The Evolution of the American Opioid Epidemic
When and where does opioid abuse start? A new study has found that most American teenagers can trace their addiction back to the first time they were prescribed opioids by their doctor. The study found a that a majority of teens who abuse prescription drugs such as OxyContin and Vicodin had been prescribed the pills at some point in their past. The now-proven link between those who have been prescribed these medications for pain in the past and the higher chance they have of abusing them later in life can help doctors keep a watchful eye on patients and educate them and their guardians on the risks and statistics of abuse. Infinite Recovery explores this progression in opioid addiction in this week’s blog, The Evolution of the American Opioid Epidemic.
“In 2012 there were 259 million prescriptions written for opioids, which is enough to provide every American adult with a bottle of opioid pills,” the American Society of Addiction Medicine says. The argument here is not to say that physicians should stop prescribing opioids all together, but rather make sure that the process of giving these teens prescription drugs is well monitored, that everyone is fully educated on the dangers of opioid addiction, and that a proper balance is found between treating these patients who are often in serious pain and reducing the possible damage that can come from abusing these drugs.
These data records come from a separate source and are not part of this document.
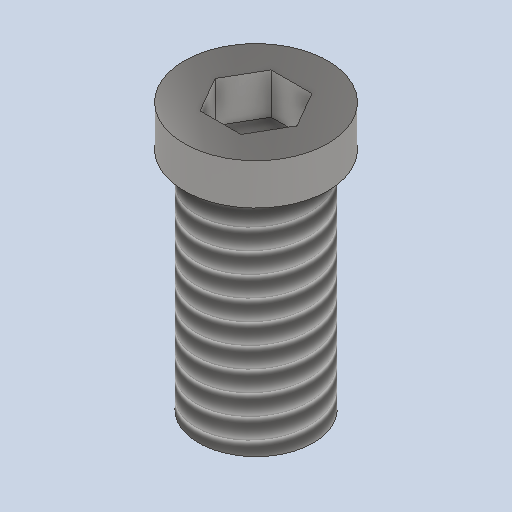
# Autodesk Inventor part: Connector_3
Saved by Autodesk Inventor 2022 (Build 260153000, 153)
## iProperties
Created: 2023-01-17
Part Number: Connector_3
Material: Steel, Mild
Document SubType Name: Modeling
Designer: 48735
Density: 7.85 g/cm^3
Appearance: Semi-Polished
Author: 48735
Autodesk Inventor part; units mm, degrees
ref_plane "YZ Plane" through (0, 0, 0) normal (1, 0, 0) x (0, 1, 0)
ref_plane "XZ Plane" through (0, 0, 0) normal (0, 1, 0) x (-1, 0, 0)
ref_plane "XY Plane" through (0, 0, 0) normal (0, 0, 1) x (1, 0, 0)
sketch "Sketch1" plane through (0, 0, 0) normal (0, 1, 0) x (-1, 0, 0)
  circle A0 centre (0, 0) radius 1.4
  dimension "d0" = 2.8
  constraints: 1 centre point, 1 coincident
  measures "d0" diameter of A0
extrude "Extrusion1" add sketch "Sketch1" along normal blind 5.5
sketch "Sketch2" plane through (0, 5.5, 0) normal (0, 1, 0) x (1, 0, 0)
  circle A0 centre (0, 0) radius 1.75
  line L0 (0, 0) -> (-1, 0)
  line L1 (-1, 0) -> (-0.5, 0.866)
  line L2 (-0.5, 0.866) -> (0.5, 0.866)
  line L3 (0.5, 0.866) -> (1, 0)
  line L4 (1, 0) -> (0.5, -0.866)
  line L5 (0.5, -0.866) -> (-0.5, -0.866)
  line L6 (-0.5, -0.866) -> (-1, 0)
  dimension "d3" = 3.5
  dimension "d4" = 1
  constraints: 14 end point, 2 coincident, 1 centre point, 1 horizontal, 13 other
  measures "d3" diameter of A0
  measures "d4" distance of L0.start L0.end
extrude "Extrusion2" add sketch "Sketch2" along normal blind 1
thread "Thread1" size "M3x0.5" class "6g" standard "ANSI Metric M Profile" length 6
body "Solid1"

This is in stark contrast to the old perception of opioid abuse in America. In the 1900’s, opioids and even heroin were thought to have a high potential for benefit and low potential for dependency. The United States witnessed the first wave of the opioid epidemic and regulated opioids in the 1914 Harrison Narcotics Act in hopes of stopping this addictive crisis. Fast forward to the Vietnam War, and our country experienced a second wave with soldiers bringing body bags full of heroin onto American soil. Soon after in the 1970’s, the “wonder drugs” Vicodin and Percocet were introduced into the U.S. prescription market and widespread availability swept the nation. Ever since then, Americans have consistently been introduced to opioids in the form of prescriptions, and more often than not users graduated to the cheaper, more potent, deadlier high of heroin.
Sean McCabe, a research professor at the University of Michigan, who authored this study of the link between prescribed use of opioids and the later chance of nonprescribed opioid use, has come up with some excellent ideas to possibly combat the risk of future abuse. He suggests that doctors should be sure to limit the number of refills they offer to clients, to prescribe the lowest effective dose of the medication, and supplement that with milder pain medication, such as acetaminophen and ibuprofen, and that parents be sure to properly discard any leftover pills.
When taken at the prescribed amount and during the correct length of time, opioid pain killers can be incredibly helpful for those suffering immense pain. This is not to discount their helpfulness for those who truly need them, but rather to inform others of the risks that can come with using too much for too long, especially in a person’s developmental years. Parents should openly talk to their children and inform them of the dangers of prescription opioid abuse, and set clear boundaries and expectations for their children. The drug talk can be seen as uncomfortable or awkward, but it is an important first step in battling drug addiction and trying to put a halt to this awful opioid epidemic.